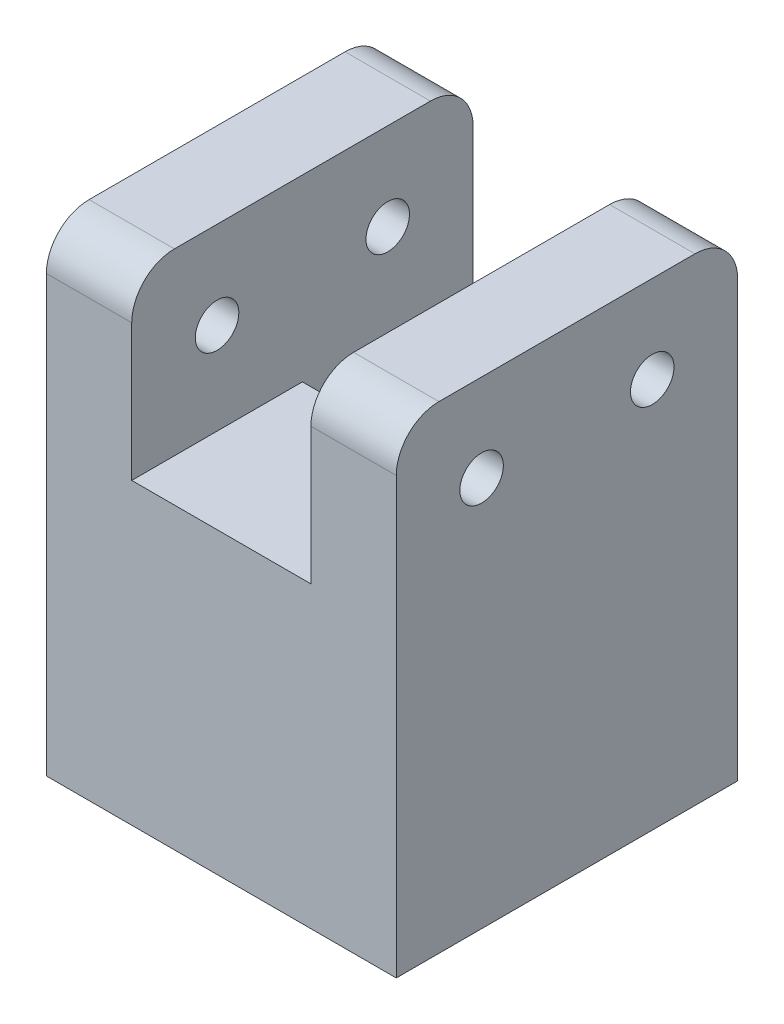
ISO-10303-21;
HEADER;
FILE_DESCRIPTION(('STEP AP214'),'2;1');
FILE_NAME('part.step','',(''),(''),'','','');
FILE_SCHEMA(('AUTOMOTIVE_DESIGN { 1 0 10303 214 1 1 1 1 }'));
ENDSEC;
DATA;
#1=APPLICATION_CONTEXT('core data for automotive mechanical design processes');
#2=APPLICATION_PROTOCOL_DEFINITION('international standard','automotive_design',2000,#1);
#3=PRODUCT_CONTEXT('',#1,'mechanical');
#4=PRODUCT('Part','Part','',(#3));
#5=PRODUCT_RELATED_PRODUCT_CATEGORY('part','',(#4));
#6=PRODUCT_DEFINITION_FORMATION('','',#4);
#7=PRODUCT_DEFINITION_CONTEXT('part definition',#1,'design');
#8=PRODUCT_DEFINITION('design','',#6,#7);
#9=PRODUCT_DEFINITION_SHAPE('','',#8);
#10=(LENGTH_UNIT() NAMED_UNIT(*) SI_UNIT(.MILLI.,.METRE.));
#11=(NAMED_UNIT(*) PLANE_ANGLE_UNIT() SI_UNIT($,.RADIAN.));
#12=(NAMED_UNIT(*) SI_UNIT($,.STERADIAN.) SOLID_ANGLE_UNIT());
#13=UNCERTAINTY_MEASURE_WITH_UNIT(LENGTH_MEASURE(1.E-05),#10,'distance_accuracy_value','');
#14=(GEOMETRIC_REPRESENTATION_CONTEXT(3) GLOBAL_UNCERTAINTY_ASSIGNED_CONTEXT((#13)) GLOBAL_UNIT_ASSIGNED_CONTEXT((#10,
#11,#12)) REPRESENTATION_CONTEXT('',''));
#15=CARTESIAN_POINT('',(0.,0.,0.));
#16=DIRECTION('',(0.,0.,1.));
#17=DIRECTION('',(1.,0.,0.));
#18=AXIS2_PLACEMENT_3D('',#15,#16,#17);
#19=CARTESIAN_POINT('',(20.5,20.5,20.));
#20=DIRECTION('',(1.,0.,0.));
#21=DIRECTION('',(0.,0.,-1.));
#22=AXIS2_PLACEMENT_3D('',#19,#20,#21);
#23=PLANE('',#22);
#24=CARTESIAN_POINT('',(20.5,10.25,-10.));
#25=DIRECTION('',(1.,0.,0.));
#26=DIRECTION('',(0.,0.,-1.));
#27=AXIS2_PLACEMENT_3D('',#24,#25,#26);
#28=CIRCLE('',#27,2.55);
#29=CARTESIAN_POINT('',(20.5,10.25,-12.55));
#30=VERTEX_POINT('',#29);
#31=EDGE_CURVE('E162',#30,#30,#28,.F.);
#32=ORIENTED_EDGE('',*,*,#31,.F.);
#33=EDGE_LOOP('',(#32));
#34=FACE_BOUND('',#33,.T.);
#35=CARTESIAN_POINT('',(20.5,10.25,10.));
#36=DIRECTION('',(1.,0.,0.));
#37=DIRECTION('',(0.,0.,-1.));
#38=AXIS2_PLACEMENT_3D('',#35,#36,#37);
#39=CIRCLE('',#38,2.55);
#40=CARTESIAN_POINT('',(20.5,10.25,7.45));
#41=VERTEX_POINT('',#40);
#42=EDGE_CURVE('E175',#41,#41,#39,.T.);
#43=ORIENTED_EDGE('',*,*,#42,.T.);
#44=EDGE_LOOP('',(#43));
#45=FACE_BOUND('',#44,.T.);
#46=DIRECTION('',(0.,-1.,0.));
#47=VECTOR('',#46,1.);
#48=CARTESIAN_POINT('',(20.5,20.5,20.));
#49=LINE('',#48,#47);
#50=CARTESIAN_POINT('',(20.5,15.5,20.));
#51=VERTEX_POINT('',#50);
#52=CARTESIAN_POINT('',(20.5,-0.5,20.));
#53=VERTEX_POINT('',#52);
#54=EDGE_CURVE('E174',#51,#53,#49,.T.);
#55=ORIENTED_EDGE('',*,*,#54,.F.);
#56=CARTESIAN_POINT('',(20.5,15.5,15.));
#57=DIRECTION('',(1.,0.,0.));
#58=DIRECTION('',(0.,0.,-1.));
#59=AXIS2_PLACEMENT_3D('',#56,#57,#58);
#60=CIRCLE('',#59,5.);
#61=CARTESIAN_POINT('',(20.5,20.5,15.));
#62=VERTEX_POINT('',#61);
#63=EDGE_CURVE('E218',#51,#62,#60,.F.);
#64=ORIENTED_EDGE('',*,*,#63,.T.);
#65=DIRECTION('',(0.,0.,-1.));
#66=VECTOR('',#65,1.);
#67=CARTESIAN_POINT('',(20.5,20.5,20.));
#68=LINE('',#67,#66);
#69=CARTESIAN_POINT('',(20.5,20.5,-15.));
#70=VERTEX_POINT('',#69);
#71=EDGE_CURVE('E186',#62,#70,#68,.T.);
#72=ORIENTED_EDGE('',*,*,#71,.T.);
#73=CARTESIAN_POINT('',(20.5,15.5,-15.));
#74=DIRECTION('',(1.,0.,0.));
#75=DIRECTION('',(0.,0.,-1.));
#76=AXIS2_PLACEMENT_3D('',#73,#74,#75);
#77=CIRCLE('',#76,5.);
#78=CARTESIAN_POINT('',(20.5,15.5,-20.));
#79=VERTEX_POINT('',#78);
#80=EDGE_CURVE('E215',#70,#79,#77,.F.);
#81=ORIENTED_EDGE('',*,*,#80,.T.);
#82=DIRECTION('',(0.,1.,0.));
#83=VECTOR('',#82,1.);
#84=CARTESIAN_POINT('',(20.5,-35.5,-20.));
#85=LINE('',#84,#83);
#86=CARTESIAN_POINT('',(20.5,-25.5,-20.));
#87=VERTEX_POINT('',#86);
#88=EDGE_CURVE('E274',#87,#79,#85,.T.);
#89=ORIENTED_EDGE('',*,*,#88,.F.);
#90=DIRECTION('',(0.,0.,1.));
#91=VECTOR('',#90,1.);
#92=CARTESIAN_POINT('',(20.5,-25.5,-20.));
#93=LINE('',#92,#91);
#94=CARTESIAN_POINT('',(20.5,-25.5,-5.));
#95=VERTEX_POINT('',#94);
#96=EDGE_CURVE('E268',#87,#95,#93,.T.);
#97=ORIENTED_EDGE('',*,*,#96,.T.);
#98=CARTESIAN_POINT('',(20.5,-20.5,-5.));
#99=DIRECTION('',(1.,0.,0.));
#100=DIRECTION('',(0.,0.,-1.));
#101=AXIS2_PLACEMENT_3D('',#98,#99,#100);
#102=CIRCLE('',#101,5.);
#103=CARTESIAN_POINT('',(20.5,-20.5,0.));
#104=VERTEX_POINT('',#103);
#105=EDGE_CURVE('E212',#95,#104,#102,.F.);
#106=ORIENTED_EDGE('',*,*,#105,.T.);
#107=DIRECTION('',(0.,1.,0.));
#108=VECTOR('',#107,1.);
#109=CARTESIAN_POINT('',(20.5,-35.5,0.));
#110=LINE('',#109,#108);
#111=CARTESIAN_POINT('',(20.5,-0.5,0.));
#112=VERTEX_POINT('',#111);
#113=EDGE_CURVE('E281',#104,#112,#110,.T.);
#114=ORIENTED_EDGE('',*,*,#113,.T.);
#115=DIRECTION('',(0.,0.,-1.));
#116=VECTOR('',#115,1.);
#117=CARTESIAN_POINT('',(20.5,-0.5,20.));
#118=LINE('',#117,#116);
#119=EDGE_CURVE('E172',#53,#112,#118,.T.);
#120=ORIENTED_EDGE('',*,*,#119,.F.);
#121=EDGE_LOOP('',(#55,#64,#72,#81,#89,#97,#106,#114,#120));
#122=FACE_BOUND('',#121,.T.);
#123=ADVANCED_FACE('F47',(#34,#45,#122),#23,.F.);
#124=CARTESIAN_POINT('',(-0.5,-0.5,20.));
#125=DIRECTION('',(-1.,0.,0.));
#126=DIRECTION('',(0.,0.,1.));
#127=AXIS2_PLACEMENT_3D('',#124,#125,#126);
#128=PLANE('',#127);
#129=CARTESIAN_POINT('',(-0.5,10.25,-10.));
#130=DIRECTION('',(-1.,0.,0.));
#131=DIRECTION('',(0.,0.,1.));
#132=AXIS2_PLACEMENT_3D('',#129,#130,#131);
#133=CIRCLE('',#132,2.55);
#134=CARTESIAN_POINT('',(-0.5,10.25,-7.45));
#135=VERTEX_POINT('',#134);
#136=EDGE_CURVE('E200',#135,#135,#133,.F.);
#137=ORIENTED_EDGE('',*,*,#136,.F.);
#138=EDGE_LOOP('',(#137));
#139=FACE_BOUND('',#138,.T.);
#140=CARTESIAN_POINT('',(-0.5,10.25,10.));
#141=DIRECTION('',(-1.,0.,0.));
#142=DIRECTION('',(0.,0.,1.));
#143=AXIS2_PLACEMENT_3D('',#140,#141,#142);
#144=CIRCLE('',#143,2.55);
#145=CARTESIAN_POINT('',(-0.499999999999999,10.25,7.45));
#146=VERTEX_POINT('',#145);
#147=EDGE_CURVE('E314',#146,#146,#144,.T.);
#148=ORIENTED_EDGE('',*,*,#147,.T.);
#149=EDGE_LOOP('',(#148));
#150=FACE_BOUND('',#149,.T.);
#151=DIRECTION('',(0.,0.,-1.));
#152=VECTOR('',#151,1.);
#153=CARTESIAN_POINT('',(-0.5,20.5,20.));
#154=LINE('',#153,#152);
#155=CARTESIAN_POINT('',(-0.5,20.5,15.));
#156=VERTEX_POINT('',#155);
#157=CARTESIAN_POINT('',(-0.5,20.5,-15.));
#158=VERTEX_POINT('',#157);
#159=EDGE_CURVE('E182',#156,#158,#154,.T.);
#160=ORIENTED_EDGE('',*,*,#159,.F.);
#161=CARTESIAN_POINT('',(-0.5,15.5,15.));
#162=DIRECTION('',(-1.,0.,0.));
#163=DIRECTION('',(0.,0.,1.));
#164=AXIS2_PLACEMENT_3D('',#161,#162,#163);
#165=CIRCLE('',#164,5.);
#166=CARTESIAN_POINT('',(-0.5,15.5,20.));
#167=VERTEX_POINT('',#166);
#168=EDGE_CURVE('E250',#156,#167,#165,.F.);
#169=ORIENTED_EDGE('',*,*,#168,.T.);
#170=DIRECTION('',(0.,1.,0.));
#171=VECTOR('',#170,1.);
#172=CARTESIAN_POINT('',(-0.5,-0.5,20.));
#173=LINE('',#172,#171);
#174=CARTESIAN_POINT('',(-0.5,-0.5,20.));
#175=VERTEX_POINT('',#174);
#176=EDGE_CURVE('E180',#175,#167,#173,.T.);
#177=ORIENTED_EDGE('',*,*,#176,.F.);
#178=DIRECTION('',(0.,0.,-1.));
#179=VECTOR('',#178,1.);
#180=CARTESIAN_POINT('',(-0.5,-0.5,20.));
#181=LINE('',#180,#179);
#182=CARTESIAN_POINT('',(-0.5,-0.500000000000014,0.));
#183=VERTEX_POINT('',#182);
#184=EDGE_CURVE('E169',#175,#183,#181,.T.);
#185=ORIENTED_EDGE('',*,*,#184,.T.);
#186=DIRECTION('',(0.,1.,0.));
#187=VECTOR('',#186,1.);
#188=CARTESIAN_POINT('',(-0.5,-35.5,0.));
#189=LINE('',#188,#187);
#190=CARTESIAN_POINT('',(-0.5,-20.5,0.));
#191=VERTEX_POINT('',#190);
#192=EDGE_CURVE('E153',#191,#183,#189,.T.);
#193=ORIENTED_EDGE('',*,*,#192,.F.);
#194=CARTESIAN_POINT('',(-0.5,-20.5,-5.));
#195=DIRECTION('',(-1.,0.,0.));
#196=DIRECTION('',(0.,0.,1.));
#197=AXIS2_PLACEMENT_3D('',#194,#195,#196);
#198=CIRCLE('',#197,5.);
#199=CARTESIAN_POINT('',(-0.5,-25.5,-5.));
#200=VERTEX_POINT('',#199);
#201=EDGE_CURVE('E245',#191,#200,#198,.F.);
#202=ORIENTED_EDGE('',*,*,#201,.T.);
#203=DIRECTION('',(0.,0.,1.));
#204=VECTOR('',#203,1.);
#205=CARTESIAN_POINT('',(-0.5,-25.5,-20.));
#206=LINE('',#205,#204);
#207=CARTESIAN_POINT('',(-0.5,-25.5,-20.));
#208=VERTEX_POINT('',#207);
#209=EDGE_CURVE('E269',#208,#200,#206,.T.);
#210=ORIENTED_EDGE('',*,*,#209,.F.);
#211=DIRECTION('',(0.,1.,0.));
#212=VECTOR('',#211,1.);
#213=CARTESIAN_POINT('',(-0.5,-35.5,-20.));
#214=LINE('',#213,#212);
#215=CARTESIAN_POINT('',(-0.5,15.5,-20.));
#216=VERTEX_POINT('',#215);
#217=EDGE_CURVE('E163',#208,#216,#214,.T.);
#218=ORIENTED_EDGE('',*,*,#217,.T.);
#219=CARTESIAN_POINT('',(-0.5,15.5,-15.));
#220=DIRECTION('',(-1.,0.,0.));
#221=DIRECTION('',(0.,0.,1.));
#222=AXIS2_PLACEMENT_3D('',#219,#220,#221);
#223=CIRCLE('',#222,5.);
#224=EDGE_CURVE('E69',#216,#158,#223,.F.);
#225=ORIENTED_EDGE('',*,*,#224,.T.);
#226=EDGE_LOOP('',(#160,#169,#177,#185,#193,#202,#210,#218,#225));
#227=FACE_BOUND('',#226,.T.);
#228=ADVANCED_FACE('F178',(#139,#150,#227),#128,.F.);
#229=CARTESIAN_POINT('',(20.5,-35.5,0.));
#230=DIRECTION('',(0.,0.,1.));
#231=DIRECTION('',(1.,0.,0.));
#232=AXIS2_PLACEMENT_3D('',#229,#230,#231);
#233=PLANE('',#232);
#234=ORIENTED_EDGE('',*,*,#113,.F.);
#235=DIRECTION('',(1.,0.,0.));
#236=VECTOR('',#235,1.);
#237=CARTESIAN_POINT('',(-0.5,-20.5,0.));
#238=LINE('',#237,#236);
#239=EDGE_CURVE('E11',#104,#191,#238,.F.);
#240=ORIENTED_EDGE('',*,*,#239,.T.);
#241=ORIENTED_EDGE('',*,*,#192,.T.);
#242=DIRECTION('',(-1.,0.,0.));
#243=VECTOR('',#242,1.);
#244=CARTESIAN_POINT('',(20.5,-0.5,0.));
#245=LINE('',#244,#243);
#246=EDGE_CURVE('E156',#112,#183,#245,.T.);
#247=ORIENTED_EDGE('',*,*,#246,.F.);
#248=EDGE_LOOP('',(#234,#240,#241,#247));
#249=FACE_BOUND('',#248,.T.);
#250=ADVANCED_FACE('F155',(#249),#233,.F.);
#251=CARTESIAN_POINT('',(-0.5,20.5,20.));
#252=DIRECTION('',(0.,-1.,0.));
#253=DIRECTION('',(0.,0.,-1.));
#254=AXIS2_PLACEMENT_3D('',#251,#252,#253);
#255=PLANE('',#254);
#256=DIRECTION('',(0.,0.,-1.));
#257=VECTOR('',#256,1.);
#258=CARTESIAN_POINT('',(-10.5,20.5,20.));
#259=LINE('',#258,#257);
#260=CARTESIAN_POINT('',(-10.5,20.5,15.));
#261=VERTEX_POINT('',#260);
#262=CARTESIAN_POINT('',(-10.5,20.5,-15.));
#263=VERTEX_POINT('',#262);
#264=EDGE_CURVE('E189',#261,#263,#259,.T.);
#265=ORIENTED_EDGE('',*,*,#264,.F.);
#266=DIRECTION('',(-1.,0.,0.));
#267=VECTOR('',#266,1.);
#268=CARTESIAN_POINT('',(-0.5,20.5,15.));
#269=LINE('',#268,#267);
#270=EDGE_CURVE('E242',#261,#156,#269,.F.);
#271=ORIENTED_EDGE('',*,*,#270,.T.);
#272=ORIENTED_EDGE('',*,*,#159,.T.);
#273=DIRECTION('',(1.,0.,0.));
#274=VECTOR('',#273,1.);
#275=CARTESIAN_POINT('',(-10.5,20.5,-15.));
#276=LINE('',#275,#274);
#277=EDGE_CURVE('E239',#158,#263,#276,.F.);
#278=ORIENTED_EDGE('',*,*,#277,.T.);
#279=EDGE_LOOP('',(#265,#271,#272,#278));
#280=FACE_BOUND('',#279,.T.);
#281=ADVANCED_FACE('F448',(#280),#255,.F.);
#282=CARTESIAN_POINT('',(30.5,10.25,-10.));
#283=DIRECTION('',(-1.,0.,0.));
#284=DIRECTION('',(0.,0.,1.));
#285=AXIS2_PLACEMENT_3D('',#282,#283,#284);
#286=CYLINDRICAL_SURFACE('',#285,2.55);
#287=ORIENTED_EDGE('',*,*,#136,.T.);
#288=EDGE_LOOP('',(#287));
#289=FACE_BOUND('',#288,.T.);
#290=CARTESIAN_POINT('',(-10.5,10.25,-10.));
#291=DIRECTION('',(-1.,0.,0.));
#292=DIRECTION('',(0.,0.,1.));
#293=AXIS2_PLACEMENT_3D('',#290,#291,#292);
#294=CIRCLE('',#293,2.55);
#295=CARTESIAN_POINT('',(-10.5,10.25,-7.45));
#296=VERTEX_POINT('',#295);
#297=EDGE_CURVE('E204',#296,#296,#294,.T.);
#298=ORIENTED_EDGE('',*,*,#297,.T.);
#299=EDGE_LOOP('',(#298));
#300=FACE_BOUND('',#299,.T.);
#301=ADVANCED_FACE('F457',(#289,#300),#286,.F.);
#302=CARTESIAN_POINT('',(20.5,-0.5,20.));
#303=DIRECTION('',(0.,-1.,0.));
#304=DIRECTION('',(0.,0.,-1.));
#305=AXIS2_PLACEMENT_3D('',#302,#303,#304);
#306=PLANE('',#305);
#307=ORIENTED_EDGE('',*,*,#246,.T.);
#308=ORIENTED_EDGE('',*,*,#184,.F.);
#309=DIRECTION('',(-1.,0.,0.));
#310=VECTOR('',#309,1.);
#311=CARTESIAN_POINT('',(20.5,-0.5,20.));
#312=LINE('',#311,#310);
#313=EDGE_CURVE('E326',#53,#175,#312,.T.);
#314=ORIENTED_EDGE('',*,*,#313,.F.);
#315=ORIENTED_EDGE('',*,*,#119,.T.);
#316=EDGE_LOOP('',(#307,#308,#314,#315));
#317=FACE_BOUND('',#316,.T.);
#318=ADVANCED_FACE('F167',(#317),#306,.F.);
########
_What the task asks_
In the entries above, please find the line with "#7=PRODUCT_DEFINITION_CONTEXT('part definition',#1,'design');" and the line with "#15=CARTESIAN_POINT('',(0.,0.,0.));", then write out exactly those two lines and every line between them, and nothing more.

_Solution to this exercise_
#7=PRODUCT_DEFINITION_CONTEXT('part definition',#1,'design');
#8=PRODUCT_DEFINITION('design','',#6,#7);
#9=PRODUCT_DEFINITION_SHAPE('','',#8);
#10=(LENGTH_UNIT() NAMED_UNIT(*) SI_UNIT(.MILLI.,.METRE.));
#11=(NAMED_UNIT(*) PLANE_ANGLE_UNIT() SI_UNIT($,.RADIAN.));
#12=(NAMED_UNIT(*) SI_UNIT($,.STERADIAN.) SOLID_ANGLE_UNIT());
#13=UNCERTAINTY_MEASURE_WITH_UNIT(LENGTH_MEASURE(1.E-05),#10,'distance_accuracy_value','');
#14=(GEOMETRIC_REPRESENTATION_CONTEXT(3) GLOBAL_UNCERTAINTY_ASSIGNED_CONTEXT((#13)) GLOBAL_UNIT_ASSIGNED_CONTEXT((#10,
#11,#12)) REPRESENTATION_CONTEXT('',''));
#15=CARTESIAN_POINT('',(0.,0.,0.));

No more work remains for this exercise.